Brigham Minerals, Inc. announced operating and financial results for the quarter ended June 30, 2020.

Q2 Highlights

  • Daily production volumes of 8,854 Boe/d (71% liquids, 50% oil)
    • Production volumes up 31% from Q2 2019 with Permian production volumes up 73% from Q2 2019
    • Production volumes down 15% sequentially, largely driven by roughly 700 Boe/d of Q2 2020 production curtailments by our operators in response to the price collapse from COVID-19 demand destruction, which based on operator disclosures, we expect much of it to return on line in Q3 2020
  • Mineral and royalty revenues totaling $12.5 million
    • Revenue down 46% from Q2 2019 driven by 58% lower realized pricing
    • Revenue down 56% sequentially from Q1 2020 primarily driven by 48% lower realized pricing
  • Net loss totaling $6.8 million
    • Adjusted EBITDA(1) totaling $5.9 million
  • Declared Q2 2020 dividend of $0.14 per share of Class A common stock
    • Payout of 100% of Q2 2020 discretionary cash flow(1)
  • Acquired 300 net royalty acres deploying $2.3 million in mineral acquisition capital
    • Acquisition costs totaling $4.3 million per net location, representing a 37% decrease vs Q1 2020
    • Remaining highly disciplined with acquisitions given volatile market conditions
  • 705 gross (4.6 net) drilled but uncompleted locations (“DUCs”) as of June 30, 2020
    • Converted 222 (25%) gross and 1.2 (21%) net DUCs during Q2 2020
    • Approximately 60% of June 30, 2020 net DUC inventory located in Permian Basin
    • Anticipate majority of DUCs to be completed by ExxonMobil, Chevron Corporation, Royal Dutch Shell, Continental Resources, Crestone Peak and PDC Energy
  • Subsequent to completion of Chevron Corporation and Noble Energy, Inc. merger, anticipate 8% of organic undeveloped inventory to be operated by Chevron in the Delaware and DJ Basins
    • Permian Basin and DJ Basin to comprise 6% and 2%, respectively, of undeveloped inventory
  • $16.5 million cash balance and undrawn revolver capacity of $135 million as of June 30, 2020
    • Approximately $151 million of liquidity

Ben M. (“Bud”) Brigham, Executive Chairman, commented, “The unprecedented challenges posed by COVID-19 and the OPEC + production disagreement in March significantly impacted the energy markets during the second quarter thereby reducing our realized pricing as well as forcing some of our operators to curtail production.

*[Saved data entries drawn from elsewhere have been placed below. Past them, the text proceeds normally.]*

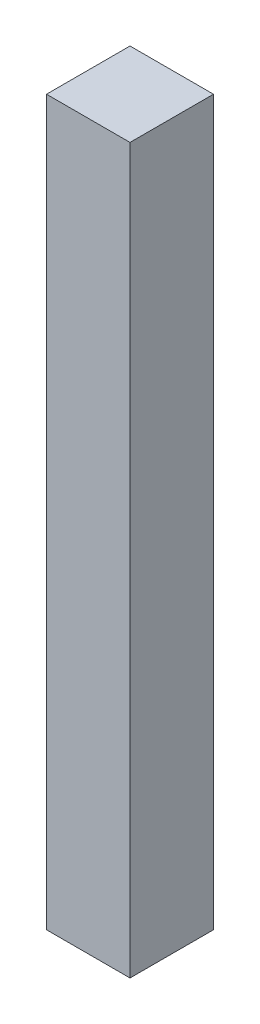
from build123d import *

# Parameters (mm, degrees)
SKETCH1_W           = 38.1
SKETCH1_H           = 38.1
BOSS_EXTRUDE1_DEPTH = 330.2


with BuildPart() as part:
    # Sketch1 → Boss-Extrude1 (new body)
    with BuildSketch(Plane(origin=(0, 0, 0), x_dir=(1, 0, 0), z_dir=(0, 1, 0))):
        with Locations((19.05, -19.05)):
            Rectangle(SKETCH1_W, SKETCH1_H)
    extrude(amount=BOSS_EXTRUDE1_DEPTH)


solid = part.part

As a result, we saw lower levels of discretionary cash flow(1) in the second quarter, however, as we previously committed to our shareholders we are distributing 100% of our discretionary cash flow(1) given our cash on hand and undrawn revolver capacity. Further, our portfolio has been carefully constructed by our team of geologists and reservoir engineers to acquire in the core geologic areas within liquids rich resource plays and importantly the optionality associated with our approach has played out yet again with Chevron Corporation's announced acquisition of Noble Energy. With roughly 8% of our undeveloped locations soon to be under Chevron control, we believe those locations will be developed more efficiently by Chevron given their extremely well-capitalized balance sheet and proven track record of consistent rig deployment throughout commodity cycles.”

Robert M. (“Rob”) Roosa, Chief Executive Officer, commented, “Challenging macro conditions in the energy space drove record low rig counts and a substantial decline in frac crews during the second quarter. Although the challenging conditions resulted in a sequential decline in our second quarter production, our data indicates that approximately one-third of our DUCs in inventory at the end of the second quarter have been treated and can potentially be rapidly turned in line to production during the second half of 2020. Given both our treated DUCs and operator commentary indicating curtailed volumes will largely be back on line beginning in the third quarter, we believe our production volumes will stabilize and average in excess of 9,000 Boe/d in the second half of 2020. Further, our permitting inventory remains strong due to continued strength in new Permian activity that will provide the basis for future production. Finally, our technical teams are excited by the recent significant deal flow that has transpired, which points to a potential thawing of the acquisition markets and the opportunity to jump start our ground game acquisitions during the remainder of 2020 at lower pricing levels. Thus far in the third quarter, we've closed or have under contract $15 million of mineral acquisitions, 90% of which are located in the Permian Basin and approximately two-thirds of the total is located in Loving County. We continue to believe that our ample liquidity will allow us to achieve differentiated mineral acquisition performance in the second half of the year.”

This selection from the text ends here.